The radius of tube can be given as,
\(R = \frac{D}{2}\)
Substitute the values in the above equation,
\(\begin{array}{c}R = \frac{{1.80\;{\rm{mm}}}}{2}\\ = 0.90\;{\rm{mm}}\end{array}\)
The expression for the Poiseuille’s equation,
\(Q = \frac{{\pi {R^4}\Delta P}}{{8\eta L}}\)

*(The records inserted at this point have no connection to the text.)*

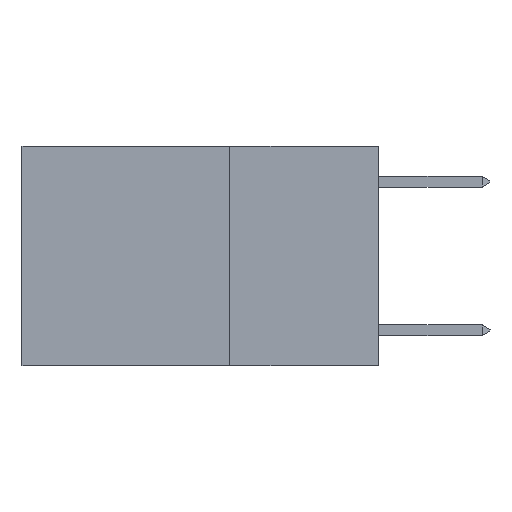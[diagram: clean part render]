
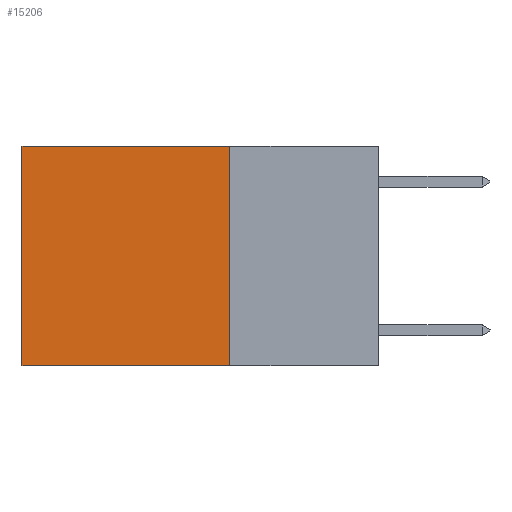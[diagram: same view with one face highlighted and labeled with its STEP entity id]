
A CAD part, left-side view. The second image highlights one B-rep face of the part: STEP entity #15206.
In plain terms, the highlighted planar face has unit normal (-1, 0, 0).
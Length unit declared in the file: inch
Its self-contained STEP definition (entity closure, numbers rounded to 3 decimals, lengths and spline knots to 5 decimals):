
#2027 = LINE ( 'NONE', #13187, #18098 ) ;
#2519 = EDGE_LOOP ( 'NONE', ( #4955, #11306, #13933, #16501 ) ) ;
#4729 = EDGE_CURVE ( 'NONE', #7835, #10336, #11775, .T. ) ;
#4955 = ORIENTED_EDGE ( 'NONE', *, *, #13554, .T. ) ;
#5376 = FACE_OUTER_BOUND ( 'NONE', #2519, .T. ) ;
#5861 = DIRECTION ( 'NONE',  ( 0., 1., 0. ) ) ;
#6146 = CARTESIAN_POINT ( 'NONE',  ( 0.2625, 0.25, 0. ) ) ;
#6458 = CARTESIAN_POINT ( 'NONE',  ( 0.2625, 0.25, 0. ) ) ;
#7610 = CARTESIAN_POINT ( 'NONE',  ( 0.2625, 0.6, -0.37 ) ) ;
#7835 = VERTEX_POINT ( 'NONE', #6458 ) ;
#9025 = VERTEX_POINT ( 'NONE', #17681 ) ;
#9189 = EDGE_CURVE ( 'NONE', #10336, #17697, #2027, .T. ) ;
#10336 = VERTEX_POINT ( 'NONE', #17636 ) ;
#10755 = DIRECTION ( 'NONE',  ( 0., 0., -1. ) ) ;
#10780 = DIRECTION ( 'NONE',  ( 1., 0., 0. ) ) ;
#10975 = PLANE ( 'NONE',  #18679 ) ;
#10993 = EDGE_CURVE ( 'NONE', #7835, #9025, #11085, .T. ) ;
#11085 = LINE ( 'NONE', #6146, #11445 ) ;
#11306 = ORIENTED_EDGE ( 'NONE', *, *, #9189, .F. ) ;
#11337 = CARTESIAN_POINT ( 'NONE',  ( 0.2625, 0.25, 0. ) ) ;
#11445 = VECTOR ( 'NONE', #5861, 39.37008 ) ;
#11459 = VECTOR ( 'NONE', #13924, 39.37008 ) ;
#11775 = LINE ( 'NONE', #14129, #11459 ) ;
#13129 = DIRECTION ( 'NONE',  ( 0., 1., 0. ) ) ;
#13187 = CARTESIAN_POINT ( 'NONE',  ( 0.2625, 0.25, -0.37 ) ) ;
#13232 = DIRECTION ( 'NONE',  ( 0., 0., -1. ) ) ;
#13254 = CARTESIAN_POINT ( 'NONE',  ( 0.2625, 0.6, 0. ) ) ;
#13554 = EDGE_CURVE ( 'NONE', #9025, #17697, #15048, .T. ) ;
#13924 = DIRECTION ( 'NONE',  ( 0., 0., -1. ) ) ;
#13933 = ORIENTED_EDGE ( 'NONE', *, *, #4729, .F. ) ;
#14129 = CARTESIAN_POINT ( 'NONE',  ( 0.2625, 0.25, 0. ) ) ;
#14637 = VECTOR ( 'NONE', #13232, 39.37008 ) ;
#15048 = LINE ( 'NONE', #13254, #14637 ) ;
#15206 = ADVANCED_FACE ( 'NONE', ( #5376 ), #10975, .F. ) ;
#16501 = ORIENTED_EDGE ( 'NONE', *, *, #10993, .T. ) ;
#17636 = CARTESIAN_POINT ( 'NONE',  ( 0.2625, 0.25, -0.37 ) ) ;
#17681 = CARTESIAN_POINT ( 'NONE',  ( 0.2625, 0.6, 0. ) ) ;
#17697 = VERTEX_POINT ( 'NONE', #7610 ) ;
#18098 = VECTOR ( 'NONE', #13129, 39.37008 ) ;
#18679 = AXIS2_PLACEMENT_3D ( 'NONE', #11337, #10780, #10755 ) ;

Substitute the values in the above equation,
\(\begin{array}{c}6.2\;{\rm{mL/min}} = \frac{{\left( {3.14} \right){{\left( {0.90\;{\rm{mm}}} \right)}^4}\Delta P}}{{8\left( {200 \times {{10}^{ - 3}}\;{\rm{Pa}} \cdot {\rm{s}}} \right)\left( {10.2\;{\rm{cm}}} \right)}}\\\Delta P = \frac{{\left( {6.2\;{\rm{mL/min}}} \right)\left( {\frac{{{{10}^{ - 3}}\;{\rm{L}}}}{{1\;{\rm{mL}}}}} \right)\left( {\frac{{{{10}^{ - 3}}\;{{\rm{m}}^3}}}{{1\;{\rm{L}}}}} \right)\left( {\frac{{1\;\min }}{{60\;{\rm{s}}}}} \right)8\left( {200 \times {{10}^{ - 3}}\;{\rm{Pa}} \cdot {\rm{s}}} \right)\left( {10.2\;{\rm{cm}}} \right)\left( {\frac{{{\rm{1}}\;{\rm{m}}}}{{{\rm{100}}\;{\rm{cm}}}}} \right)}}{{\left( {3.14} \right){{\left( {0.90\;{\rm{mm}}} \right)}^4}{{\left( {\frac{{{{10}^{ - 3}}\;{\rm{m}}}}{{1\;{\rm{mm}}}}} \right)}^4}}}\\\Delta P = 8.2 \times {10^3}\;{\rm{Pa}}\end{array}\)
Therefore, the pressure difference required to maintain the flow rate is \(8.2 \times {10^3}\;{\rm{Pa}}\).